As American as apple pie:
• Most suburbs in the United States were originally sundown towns.
• As part of the deepening racism that swept through the United States after 1890, town after town outside the traditional South became intentionally all-white, evicting their black populations with tactics that ranged from intimidation to outright violence.
• From Myakka City, Florida, to Kennewick, Washington, the nation is dotted with thousands of all-white towns that are (or were until recently) all-white on purpose. Sundown towns can be found in almost every state.

"Don't let the sun go down on you in this town." We equate these words with the Jim Crow South but, in a sweeping analysis of American residential patterns, award-winning and bestselling author James W. Loewen demonstrates that strict racial exclusion was the norm in American towns and villages from sea to shining sea for much of the twentieth century.

Weaving history, personal narrative, and hard-nosed analysis, Loewen shows that the sundown town was—and is—an American institution with a powerful and disturbing history of its own, told here for the first time.
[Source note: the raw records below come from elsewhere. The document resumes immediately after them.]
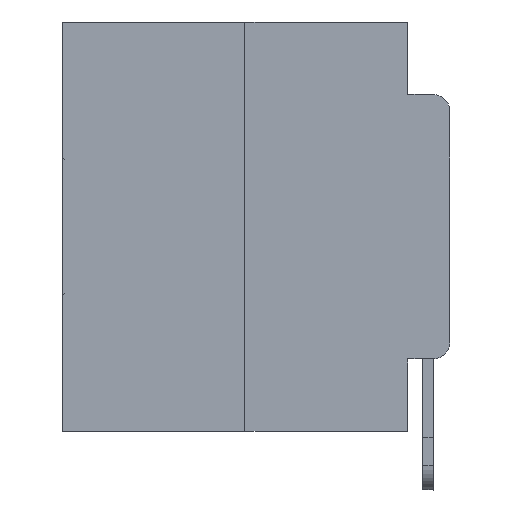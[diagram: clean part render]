
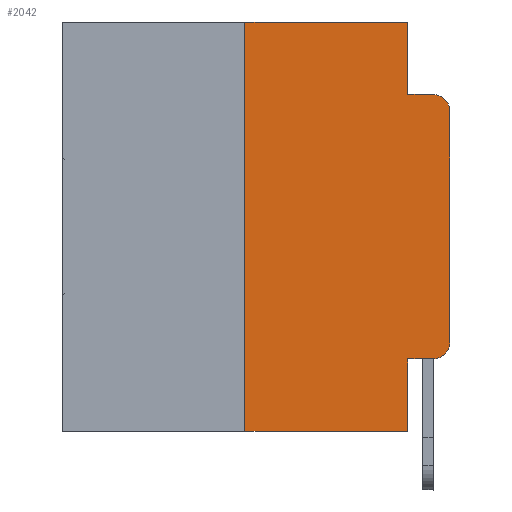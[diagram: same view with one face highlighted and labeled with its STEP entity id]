
A CAD part, left-side view. The second image highlights one B-rep face of the part: STEP entity #2042.
In plain terms, the highlighted planar face has unit normal (-1, 0, 0).
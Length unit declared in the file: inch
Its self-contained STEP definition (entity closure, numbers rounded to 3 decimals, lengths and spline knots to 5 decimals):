
#347 = DIRECTION ( 'NONE',  ( 0., 0., 1. ) ) ;
#463 = PLANE ( 'NONE',  #3968 ) ;
#1841 = DIRECTION ( 'NONE',  ( 0., 0., -1. ) ) ;
#1869 = EDGE_CURVE ( 'NONE', #10127, #28520, #4030, .T. ) ;
#2042 = ADVANCED_FACE ( 'NONE', ( #22845 ), #463, .F. ) ;
#2085 = CARTESIAN_POINT ( 'NONE',  ( 0., 0., 0. ) ) ;
#2442 = DIRECTION ( 'NONE',  ( 0., 0., -1. ) ) ;
#3222 = ORIENTED_EDGE ( 'NONE', *, *, #11781, .T. ) ;
#3424 = ORIENTED_EDGE ( 'NONE', *, *, #21317, .F. ) ;
#3968 = AXIS2_PLACEMENT_3D ( 'NONE', #20624, #13827, #27594 ) ;
#4030 = LINE ( 'NONE', #22415, #16311 ) ;
#4044 = VERTEX_POINT ( 'NONE', #17894 ) ;
#4242 = VERTEX_POINT ( 'NONE', #11803 ) ;
#4469 = DIRECTION ( 'NONE',  ( 0., 0., 1. ) ) ;
#4814 = LINE ( 'NONE', #13726, #18992 ) ;
#4921 = EDGE_LOOP ( 'NONE', ( #21861, #5183, #3424, #22502, #18531, #10506, #3222, #26868, #11245, #22846 ) ) ;
#5183 = ORIENTED_EDGE ( 'NONE', *, *, #8612, .T. ) ;
#6845 = LINE ( 'NONE', #25502, #12726 ) ;
#7171 = CARTESIAN_POINT ( 'NONE',  ( 0., 0.051, -0.4115 ) ) ;
#7578 = AXIS2_PLACEMENT_3D ( 'NONE', #11932, #9719, #25562 ) ;
#8585 = CIRCLE ( 'NONE', #12358, 0.02 ) ;
#8612 = EDGE_CURVE ( 'NONE', #27683, #10200, #8585, .T. ) ;
#8764 = EDGE_CURVE ( 'NONE', #4044, #4242, #4814, .T. ) ;
#9719 = DIRECTION ( 'NONE',  ( -1., 0., 0. ) ) ;
#9915 = VECTOR ( 'NONE', #18143, 39.37008 ) ;
#10127 = VERTEX_POINT ( 'NONE', #18876 ) ;
#10200 = VERTEX_POINT ( 'NONE', #28498 ) ;
#10274 = VECTOR ( 'NONE', #25915, 39.37008 ) ;
#10397 = CARTESIAN_POINT ( 'NONE',  ( 0., 0., -0.3915 ) ) ;
#10506 = ORIENTED_EDGE ( 'NONE', *, *, #8764, .F. ) ;
#10682 = LINE ( 'NONE', #28923, #24267 ) ;
#10909 = CARTESIAN_POINT ( 'NONE',  ( 0., 0.02, -0.1085 ) ) ;
#11245 = ORIENTED_EDGE ( 'NONE', *, *, #14435, .T. ) ;
#11386 = CIRCLE ( 'NONE', #7578, 0.02 ) ;
#11781 = EDGE_CURVE ( 'NONE', #4044, #21340, #10682, .T. ) ;
#11803 = CARTESIAN_POINT ( 'NONE',  ( 0., 0.25, 0. ) ) ;
#11895 = CARTESIAN_POINT ( 'NONE',  ( 0., 0.051, -0.4115 ) ) ;
#11932 = CARTESIAN_POINT ( 'NONE',  ( 0., 0.02, -0.3915 ) ) ;
#12292 = LINE ( 'NONE', #26352, #10274 ) ;
#12358 = AXIS2_PLACEMENT_3D ( 'NONE', #10909, #29132, #1841 ) ;
#12726 = VECTOR ( 'NONE', #23271, 39.37008 ) ;
#12761 = EDGE_CURVE ( 'NONE', #20706, #21340, #13738, .T. ) ;
#13726 = CARTESIAN_POINT ( 'NONE',  ( 0., 0.25, 0. ) ) ;
#13738 = LINE ( 'NONE', #22762, #19757 ) ;
#13827 = DIRECTION ( 'NONE',  ( 1., 0., 0. ) ) ;
#14435 = EDGE_CURVE ( 'NONE', #20706, #19865, #20361, .T. ) ;
#16311 = VECTOR ( 'NONE', #24776, 39.37008 ) ;
#17129 = EDGE_CURVE ( 'NONE', #19865, #20772, #11386, .T. ) ;
#17894 = CARTESIAN_POINT ( 'NONE',  ( 0., 0.25, -0.5 ) ) ;
#18026 = CARTESIAN_POINT ( 'NONE',  ( 0., 0.051, -0.0885 ) ) ;
#18143 = DIRECTION ( 'NONE',  ( 0., -1., 0. ) ) ;
#18531 = ORIENTED_EDGE ( 'NONE', *, *, #25267, .F. ) ;
#18876 = CARTESIAN_POINT ( 'NONE',  ( 0., 0.051, 0. ) ) ;
#18992 = VECTOR ( 'NONE', #347, 39.37008 ) ;
#19301 = VECTOR ( 'NONE', #4469, 39.37008 ) ;
#19637 = CARTESIAN_POINT ( 'NONE',  ( 0., 0.02, -0.4115 ) ) ;
#19757 = VECTOR ( 'NONE', #2442, 39.37008 ) ;
#19865 = VERTEX_POINT ( 'NONE', #19637 ) ;
#20361 = LINE ( 'NONE', #7171, #9915 ) ;
#20624 = CARTESIAN_POINT ( 'NONE',  ( 0., 0.473, 0. ) ) ;
#20706 = VERTEX_POINT ( 'NONE', #11895 ) ;
#20772 = VERTEX_POINT ( 'NONE', #10397 ) ;
#21062 = CARTESIAN_POINT ( 'NONE',  ( 0., 0., -0.1085 ) ) ;
#21317 = EDGE_CURVE ( 'NONE', #28520, #10200, #12292, .T. ) ;
#21340 = VERTEX_POINT ( 'NONE', #23431 ) ;
#21861 = ORIENTED_EDGE ( 'NONE', *, *, #22285, .T. ) ;
#22285 = EDGE_CURVE ( 'NONE', #20772, #27683, #22691, .T. ) ;
#22415 = CARTESIAN_POINT ( 'NONE',  ( 0., 0.051, 0. ) ) ;
#22502 = ORIENTED_EDGE ( 'NONE', *, *, #1869, .F. ) ;
#22691 = LINE ( 'NONE', #2085, #19301 ) ;
#22762 = CARTESIAN_POINT ( 'NONE',  ( 0., 0.051, 0. ) ) ;
#22845 = FACE_OUTER_BOUND ( 'NONE', #4921, .T. ) ;
#22846 = ORIENTED_EDGE ( 'NONE', *, *, #17129, .T. ) ;
#23271 = DIRECTION ( 'NONE',  ( 0., -1., 0. ) ) ;
#23431 = CARTESIAN_POINT ( 'NONE',  ( 0., 0.051, -0.5 ) ) ;
#24267 = VECTOR ( 'NONE', #29070, 39.37008 ) ;
#24776 = DIRECTION ( 'NONE',  ( 0., 0., -1. ) ) ;
#25267 = EDGE_CURVE ( 'NONE', #4242, #10127, #6845, .T. ) ;
#25502 = CARTESIAN_POINT ( 'NONE',  ( 0., 0.473, 0. ) ) ;
#25562 = DIRECTION ( 'NONE',  ( 0., 0., -1. ) ) ;
#25915 = DIRECTION ( 'NONE',  ( 0., -1., 0. ) ) ;
#26352 = CARTESIAN_POINT ( 'NONE',  ( 0., 0.051, -0.0885 ) ) ;
#26868 = ORIENTED_EDGE ( 'NONE', *, *, #12761, .F. ) ;
#27594 = DIRECTION ( 'NONE',  ( 0., 0., -1. ) ) ;
#27683 = VERTEX_POINT ( 'NONE', #21062 ) ;
#28498 = CARTESIAN_POINT ( 'NONE',  ( 0., 0.02, -0.0885 ) ) ;
#28520 = VERTEX_POINT ( 'NONE', #18026 ) ;
#28923 = CARTESIAN_POINT ( 'NONE',  ( 0., 0.473, -0.5 ) ) ;
#29070 = DIRECTION ( 'NONE',  ( 0., -1., 0. ) ) ;
#29132 = DIRECTION ( 'NONE',  ( -1., 0., 0. ) ) ;

In Michigan, Indiana, Ohio, Illinois, Missouri, Pennsylvania, and elsewhere, sundown towns were created in waves of violence in the early decades of the twentieth century, and then maintained well into the contemporary era.

Sundown Towns redraws the map of race relations, extending the lines of racial oppression through the backyard of millions of Americans—and lobbing an intellectual hand grenade into the debates over race and racism today.